The fibers, or fibers and/or platelet-containing fluids used in the invention may be prepared in any suitable manner. The fibers and/or platelets may be blended offsite, or, preferably, the fibers and/or platelets are mixed with the fluid at the job site, preferably on the fly. In the case of some fibers, such as novoloid or glass fibers, the fibers should be “wetted” with a suitable fluid, such as water or a wellbore fluid, before or during mixing with the drilling or wellbore fluid, to allow better feeding of the fibers. Good mixing techniques should be employed to avoid “clumping” of the fibers and/or platelets.
The amount of fibers and/or platelets-containing fluid supplied will be sufficient for the task required, i.e., an amount effective under the conditions, such as wellbore annulus conditions, and in conjunction with the flow rate, to maintain suspension of or to prevent deposition of particles, and/or to remove and suspend them, in the wellbore annulus, as the case may be. In drilling operations, for example, fibers usage may be continuous to maintain suspension of or to prevent deposition, but preferably will be on a non-continuous basis, “slugs” of fibers being added to the drilling fluid on a regular or irregular basis to maintain a relatively deposit-free wellbore. Again, a well might be drilled to completion, or substantially so, with the fibers and/or platelets containing fluid of the invention being provided or supplied at total depth to provide good wellbore annulus flow. In other operations, such as cleanout operations, the fibers and/or platelets-containing fluid may be provided through suitable injection means until the desired deposit removal is obtained. In most instances, as indicated, it will be preferred to pump the suspension of fibers and/or platelets only during a portion of a job, e.g., perhaps for 10-25% of the job to control particle deposits.
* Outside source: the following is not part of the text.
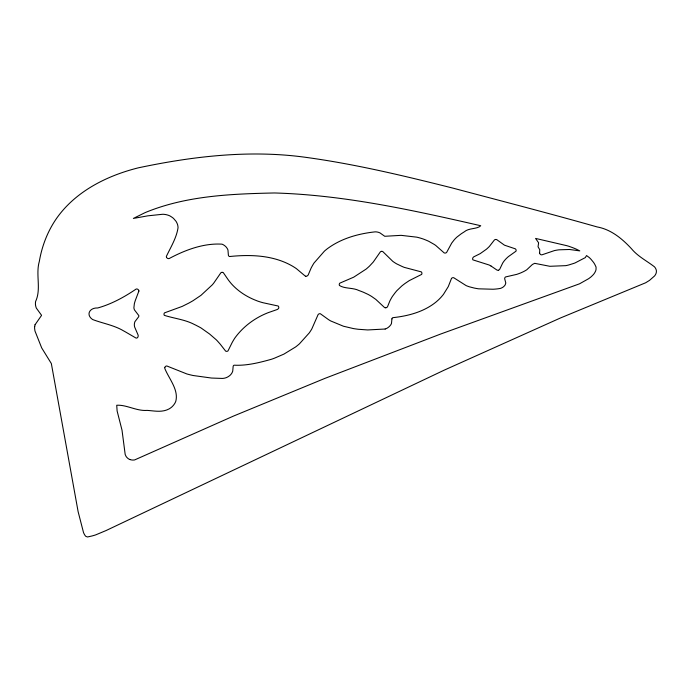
<?xml version="1.0" encoding="UTF-8"?>
<svg xmlns="http://www.w3.org/2000/svg" width="691" height="691" viewBox="0 0 691 691"><rect width="100%" height="100%" fill="white"/><g stroke="black" fill="none" stroke-linecap="round" stroke-linejoin="round"><path stroke-width="1.04" d="M34.705 326.593L34.619 327.344A15.435 15.107 11.7 0 0 34.567 328.026L34.947 330.929L41.685 347.893L51.341 363.552L78.126 511.677L83.499 532.502A17.137 16.765 11.7 0 0 84.622 534.782L85.235 535.706A4.422 4.327 11.7 0 0 85.934 536.406L87.524 536.967L91.661 536.052A84.043 82.238 11.7 0 0 93.484 535.56L94.607 535.231A28.288 27.683 11.7 0 0 95.989 534.765L106.069 530.55L444.253 370.134L560.487 317.964L645.67 282.766L649.531 280.373L654.576 275.934A10.477 10.253 11.7 0 0 655.88 273.817L656.105 273.213A10.037 9.821 11.7 0 0 656.39 271.9L656.364 270.544A9.864 9.648 11.7 0 0 655.923 269.11L655.664 268.531A10.011 9.804 11.7 0 0 654.446 266.795C646.75 260.844 637.741 256.378 631.453 248.708C622.133 238.654 611.034 229.447 597.136 226.933C549.181 213.329 500.915 200.874 452.743 188.073C404.287 175.903 355.563 164.147 306.009 157.375C250.09 149.567 193.238 156.226 138.355 167.827C107.096 175.635 76.001 191.105 56.904 217.907C47.791 230.829 41.952 245.892 39.318 261.448C35.457 274.638 41.486 288.924 35.604 301.483A14.053 13.751 11.7 0 0 35.474 304.584M391.927 318.888L391.477 323.44A12.922 12.645 11.7 0 1 390.735 324.891L389.534 326.307A19.201 18.787 11.7 0 1 388.066 327.534L387.331 328.026A13.008 12.723 11.7 0 1 385.163 329.037M35.042 324.77L41.581 315.338L36.312 308.065A19.253 18.838 11.7 0 1 35.682 305.958L35.466 304.584M164.942 367.215L164.976 367.137A3.282 3.213 11.7 0 1 165.443 366.515L165.84 366.221A3.248 3.179 11.7 0 1 166.816 365.971L186.89 373.961A120.035 117.453 11.7 0 0 193.109 375.507L211.515 378.046L222.286 378.435A13.06 12.775 11.7 0 0 225.793 377.804A5.813 5.692 11.7 0 0 226.32 377.623L226.734 377.441A20.885 20.436 11.7 0 0 228.574 376.457L229.861 375.489A17.387 17.016 11.7 0 0 231.183 374.081L231.917 373.01A14.554 14.243 11.7 0 0 232.737 371.11L233.152 366.377A1.961 1.918 11.7 0 1 233.515 365.617L233.662 365.47A1.123 1.097 11.7 0 1 234.214 365.194C246.799 365.833 259.324 362.645 271.356 359.294A145.654 142.519 11.7 0 0 274.301 358.249L283.889 354.129L295.644 346.934A85.995 84.147 11.7 0 0 299.436 343.833L309.231 332.95A66.448 65.023 11.7 0 0 311.814 328.942L318.076 314.655A2.919 2.859 11.7 0 1 318.879 313.939L319.449 313.723A2.764 2.704 11.7 0 1 320.399 313.766L328.475 319.596A62.561 61.223 11.7 0 0 330.704 320.952L343.462 326.23L353.498 328.596A163.214 159.707 11.7 0 0 358.223 329.27L367.664 329.944L385.155 329.028M451.473 278.482L448.295 286.575L443.449 294.383A65.446 64.038 11.7 0 1 442.499 295.549L441.489 296.733A63.08 61.724 11.7 0 1 440.53 297.812L438.863 299.497A65.481 64.073 11.7 0 1 437.792 300.481L437.006 301.181A67.39 65.939 11.7 0 1 435.408 302.528C423.324 312.03 407.949 316.037 392.92 317.661A1.08 1.054 11.7 0 0 392.471 317.895L392.203 318.197A2.298 2.246 11.7 0 0 391.935 318.888M385.915 307.789L386.105 307.737A3.42 3.351 11.7 0 0 386.925 307.331L387.349 306.968A1.486 1.46 11.7 0 0 387.582 306.597L389.707 301.336A14.597 14.286 11.7 0 1 390.13 300.43A50.227 49.147 11.7 0 1 390.64 299.462L390.838 299.099A53.354 52.214 11.7 0 1 392.384 296.448L395.174 292.699A85.632 83.792 11.7 0 1 396.859 290.678L401.765 285.996A107.796 105.481 11.7 0 1 405.073 283.44L409.271 280.615L421.622 274.413A2.98 2.919 11.7 0 0 421.916 273.714L421.838 272.703A3.377 3.3 11.7 0 0 421.311 271.883L404.287 267.382A110.353 107.986 11.7 0 1 402.058 266.45L396.677 263.876A40.89 40.018 11.7 0 1 392.747 261.31L382.762 251.55A2.971 2.902 11.7 0 0 381.743 251.317L381.657 251.317M381.432 251.343L381.346 251.36A2.341 2.289 11.7 0 0 380.318 251.913L373.287 262.01L369.547 266.044A81.927 80.173 11.7 0 1 366.092 269.11L353.706 277.177L339.86 283.129A3.075 3.014 11.7 0 0 339.359 283.871L339.238 284.735A3.42 3.343 11.7 0 0 339.471 285.487C344.844 288.959 352.98 287.482 358.966 290.548A109.221 106.872 11.7 0 1 363.518 292.284L367.94 294.34A73.203 71.631 11.7 0 1 371.611 296.43L375.809 299.393L384.464 307.46A2.306 2.263 11.7 0 0 385.492 307.815L385.673 307.823M221.958 272.314L221.776 272.349A2.185 2.133 11.7 0 0 220.818 272.859L213.839 282.965A75.751 74.127 11.7 0 1 212.284 284.847L201.003 295.316L192.953 300.749A171.23 167.55 11.7 0 1 188.66 303.176L182.165 306.415L164.518 312.859A3.343 3.274 11.7 0 0 164.087 313.541L163.992 314.586A3.187 3.118 11.7 0 0 164.32 315.329C174.02 318.491 185.153 319.536 194.534 324.571A41.339 40.449 11.7 0 1 195.821 325.176L199.423 327.059A81.987 80.225 11.7 0 1 201.098 328L209.598 334.021L216.369 339.894A84.069 82.264 11.7 0 1 217.639 341.242L219.781 343.652A23.84 23.33 11.7 0 1 220.636 344.688L225.629 351.106A2.764 2.704 11.7 0 0 226.588 351.365L227.123 351.322A2.764 2.704 11.7 0 0 228.004 350.89L231.839 343.168A23.313 22.812 11.7 0 1 232.461 341.993L233.117 340.844A53.708 52.551 11.7 0 1 235.026 337.795C243.068 326.774 254.323 318.309 266.933 313.17A32.52 31.821 11.7 0 1 268.479 312.565L277.54 309.395L278.533 308.471A3.205 3.135 11.7 0 0 278.81 307.728L278.646 306.692A3.222 3.153 11.7 0 0 278.179 306.018L263.046 302.736A88.422 86.522 11.7 0 1 260.472 302.002L258.028 301.207A29.117 28.495 11.7 0 1 256.43 300.585C246.946 296.949 238.17 291.36 231.39 283.759A73.989 72.4 11.7 0 1 229.559 281.539L228.678 280.399A19.694 19.27 11.7 0 1 227.909 279.337L223.279 272.6A3.334 3.265 11.7 0 0 222.286 272.323L222.2 272.314M495.602 239.466L495.68 239.457A2.919 2.859 11.7 0 1 496.803 239.673L504.456 245.167L515.374 248.855A3.04 2.971 11.7 0 1 515.961 249.615L516.142 250.28A2.876 2.816 11.7 0 1 515.978 251.196L508.386 256.62A48.715 47.67 11.7 0 0 506.011 258.831L504.577 260.412A38.808 37.979 11.7 0 0 502.702 263.021L499.723 269.231A1.278 1.244 11.7 0 1 499.524 269.533L499.273 269.758A2.807 2.747 11.7 0 1 498.358 270.198M305.785 276.236L306.26 276.245A4.12 4.025 11.7 0 0 307.262 275.908L308.16 275.061L310.941 268.471A18.597 18.199 11.7 0 1 311.52 267.305L312.211 266.044A72.374 70.819 11.7 0 1 313.982 263.064L324.252 251.334A22.052 21.585 11.7 0 1 325.323 250.349L327.292 248.769A61.335 60.022 11.7 0 1 328.51 247.888C342.045 238.231 358.569 233.67 374.919 231.882A7.696 7.532 11.7 0 1 375.947 231.874L376.604 231.934A11.211 10.97 11.7 0 1 379.99 232.91L384.749 236.287L401.108 235.346L416.811 237.168A72.693 71.13 11.7 0 1 421.83 238.55L422.261 238.689A29.134 28.512 11.7 0 1 423.471 239.103L424.438 239.475A79.024 77.323 11.7 0 1 426.027 240.114L426.58 240.347A75.241 73.617 11.7 0 1 428.696 241.271L434.129 244.364A85.485 83.646 11.7 0 1 435.667 245.391L444.08 252.82A2.436 2.384 11.7 0 0 445.151 253.079L445.652 253.001A3.023 2.963 11.7 0 0 446.611 252.457L451.707 243.085L454.367 239.647A45.062 44.094 11.7 0 1 456.881 237.125L460.932 233.999A92.084 90.106 11.7 0 1 464.257 231.856C468.74 227.771 477.205 229.352 480.737 225.732C414.004 210.479 346.476 195.449 277.782 193.074A157.436 154.05 11.7 0 0 274.362 192.97C231.416 193.903 187.08 195.683 146.734 211.956A77.202 75.544 11.7 0 0 144.713 212.811L133.372 218.434L147.814 215.834L162.42 214.296A11.462 11.211 11.7 0 1 163.871 214.314L165.719 214.573A19.175 18.761 11.7 0 1 168.604 215.367L169.243 215.618A7.428 7.264 11.7 0 1 170.124 216.041L171.584 216.957A29.955 29.316 11.7 0 1 173.467 218.356L176.024 221.31A22.682 22.19 11.7 0 1 176.965 223.089L177.38 224.065A6.806 6.66 11.7 0 1 177.63 224.834A13.509 13.224 11.7 0 1 178.036 227.797C176.473 238.024 170.746 247.179 166.376 256.37A2.557 2.496 11.7 0 0 166.522 257.294L166.557 257.372M130.012 459.567L128.785 459.005A11.237 10.996 11.7 0 1 127.446 457.995L126.738 457.261A12.239 11.98 11.7 0 1 126.09 456.431L125.183 454.462L122.013 430.156L117.116 410.981L116.727 405.254C126.557 404.589 136.637 411.257 147.148 410.394C152.754 410.73 158.507 411.957 164.069 410.739A34.662 33.919 11.7 0 0 166.972 409.884L169.088 408.917A21.576 21.11 11.7 0 0 171.29 407.414L171.472 407.267A7.834 7.67 11.7 0 0 171.955 406.844L172.335 406.481A24.885 24.349 11.7 0 0 173.89 404.727L174.927 403.164A24.626 24.099 11.7 0 0 175.79 401.298C178.839 389.689 168.88 378.668 164.804 368.458A2.315 2.272 11.7 0 1 164.873 367.396M491.094 266.07L496.76 269.922A1.572 1.537 11.7 0 0 497.054 270.077A2.185 2.142 11.7 0 0 498.151 270.233M166.721 257.639L166.868 257.803A4.163 4.068 11.7 0 0 167.49 258.339L168.034 258.564A2.652 2.591 11.7 0 0 169.226 258.512C185.257 249.961 203.715 243.007 222.018 244.165A15.444 15.116 11.7 0 1 223.556 244.908L224.532 245.564A16.973 16.601 11.7 0 1 226.009 246.842L227.184 248.389A14.157 13.855 11.7 0 1 227.961 250.038L228.384 255.204A2.272 2.22 11.7 0 0 228.764 255.998L229.213 256.396A1.019 0.993 11.7 0 0 229.68 256.516C250.695 254.366 273.195 255.178 291.999 265.862A59.081 57.811 11.7 0 1 296.404 268.652L304.722 275.649A2.514 2.462 11.7 0 0 305.776 276.245M138.9 291.032L135.332 300.43A54.572 53.397 11.7 0 0 134.356 303.703L133.89 307.884A11.35 11.108 11.7 0 0 134.443 309.888L138.848 315.632L138.753 316.59A6.098 5.969 11.7 0 1 138.485 317.005L134.918 321.678A13.708 13.414 11.7 0 0 134.434 323.569L134.348 324.269A8.741 8.551 11.7 0 0 134.702 327.137L138.191 335.256L138.088 336.672A3.939 3.852 11.7 0 1 137.664 337.415L137.405 337.709A0.864 0.846 11.7 0 1 137.181 337.873L136.853 337.994A2.522 2.462 11.7 0 1 136.023 338.072L125.477 331.922A42.963 42.039 11.7 0 0 123.724 330.954C114.101 325.159 102.864 323.466 92.516 319.484C85.494 314.543 89.925 307.504 97.69 307.979C111.519 304.126 124.294 297.087 136.127 289.063A2.073 2.03 11.7 0 1 137.215 289.045L137.595 289.201A4.604 4.5 11.7 0 1 138.269 289.676L138.658 290.134A2.565 2.505 11.7 0 1 138.9 291.032M491.094 266.07A39.646 38.791 11.7 0 0 489.098 264.99L472.929 259.876A2.738 2.678 11.7 0 1 472.653 259.237L472.661 258.399A3.455 3.377 11.7 0 1 473.119 257.467L473.421 257.112A1.814 1.771 11.7 0 1 473.819 256.819L480.176 253.649L486.421 249.226A58.009 56.757 11.7 0 0 487.725 248.043L488.399 247.404A60.411 59.115 11.7 0 0 489.358 246.462L494.212 240.226A2.09 2.047 11.7 0 1 495.404 239.509M130.012 459.567A12.568 12.3 11.7 0 0 131.722 459.964L132.447 460.042A12.559 12.291 11.7 0 0 134.633 459.93L233.351 416.137L324.977 378.357L440.582 334.064L579.533 283.811L588.559 278.732A47.066 46.055 11.7 0 0 591.366 276.599L593.431 274.552A22.561 22.077 11.7 0 0 594.839 272.548L595.642 270.924A11.436 11.194 11.7 0 0 596.048 269.283L596.057 267.054L594.899 264.593A37.21 36.407 11.7 0 0 593.621 262.476L591.038 259.324A65.032 63.632 11.7 0 0 589.285 257.562L586.538 255.558L585.303 257.613L575.111 262.908A69.549 68.055 11.7 0 1 573.668 263.435L568.866 264.929A42.868 41.944 11.7 0 1 565.825 265.646L549.846 266.294L534.67 263.331L532.39 264.48L526.749 269.792A55.47 54.278 11.7 0 1 523.502 271.649L521.014 272.79A67.087 65.645 11.7 0 1 519.623 273.334L519.131 273.524A66.638 65.204 11.7 0 1 516.695 274.379L505.717 276.91A1.373 1.339 11.7 0 0 505.242 277.212L504.862 277.791A2.565 2.514 11.7 0 0 504.68 278.767L505.795 282.99L505.276 284.632A9.285 9.087 11.7 0 1 504.611 285.685L503.437 286.843A11.851 11.6 11.7 0 1 501.77 287.853L501.001 288.199A5.347 5.226 11.7 0 1 500.232 288.432L498.271 288.76A61.205 59.892 11.7 0 1 494.255 289.166A40.311 39.447 11.7 0 1 492.882 289.235L478.587 288.821A103.045 100.826 11.7 0 1 474.181 288.043L469.414 286.817A51.307 50.21 11.7 0 1 466.14 285.608L453.754 277.739A3.084 3.014 11.7 0 0 452.795 277.687L452.311 277.808A2.393 2.341 11.7 0 0 451.473 278.482M34.714 326.593A16.135 15.789 11.7 0 1 35.025 324.77M539.585 252.975L540.198 254.262A3.559 3.481 11.7 0 0 540.854 254.685L541.217 254.798A2.496 2.444 11.7 0 0 542.521 254.634L554.502 250.565A66.301 64.876 11.7 0 1 558.967 249.814L569.514 249.486L579.784 250.885L576.173 249.097A97.379 95.289 11.7 0 0 572.373 247.551L569.393 246.48A40.717 39.836 11.7 0 0 566.482 245.607L535.56 238.412L538.609 242.791L538.047 246.765L539.757 249.753L539.585 252.975"/></g></svg>

According to the invention, the provision of or flow rate of the translocating fibers and/or platelets-containing fluid to the particle deposit and therefrom is at a rate at least sufficient to inhibit settling of the particles transported or maintain their suspension in the wellbore annulus. While the size of the particles will vary greatly, depending somewhat on their origin, commonly ranging from finer than 200 mesh up to one-half inch and greater in length, normal drilling fluid pumping rates, with the presence of the translocating fibers and/or platelets in the concentrations indicated, will generally be sufficient to maintain suspension of particles and/or remove deposited particles. For example, pumping rates may range from 1 to 2 barrels per minute, and may be varied, as necessary, by those skilled in the art. In cleanout operations, similar rates may be employed.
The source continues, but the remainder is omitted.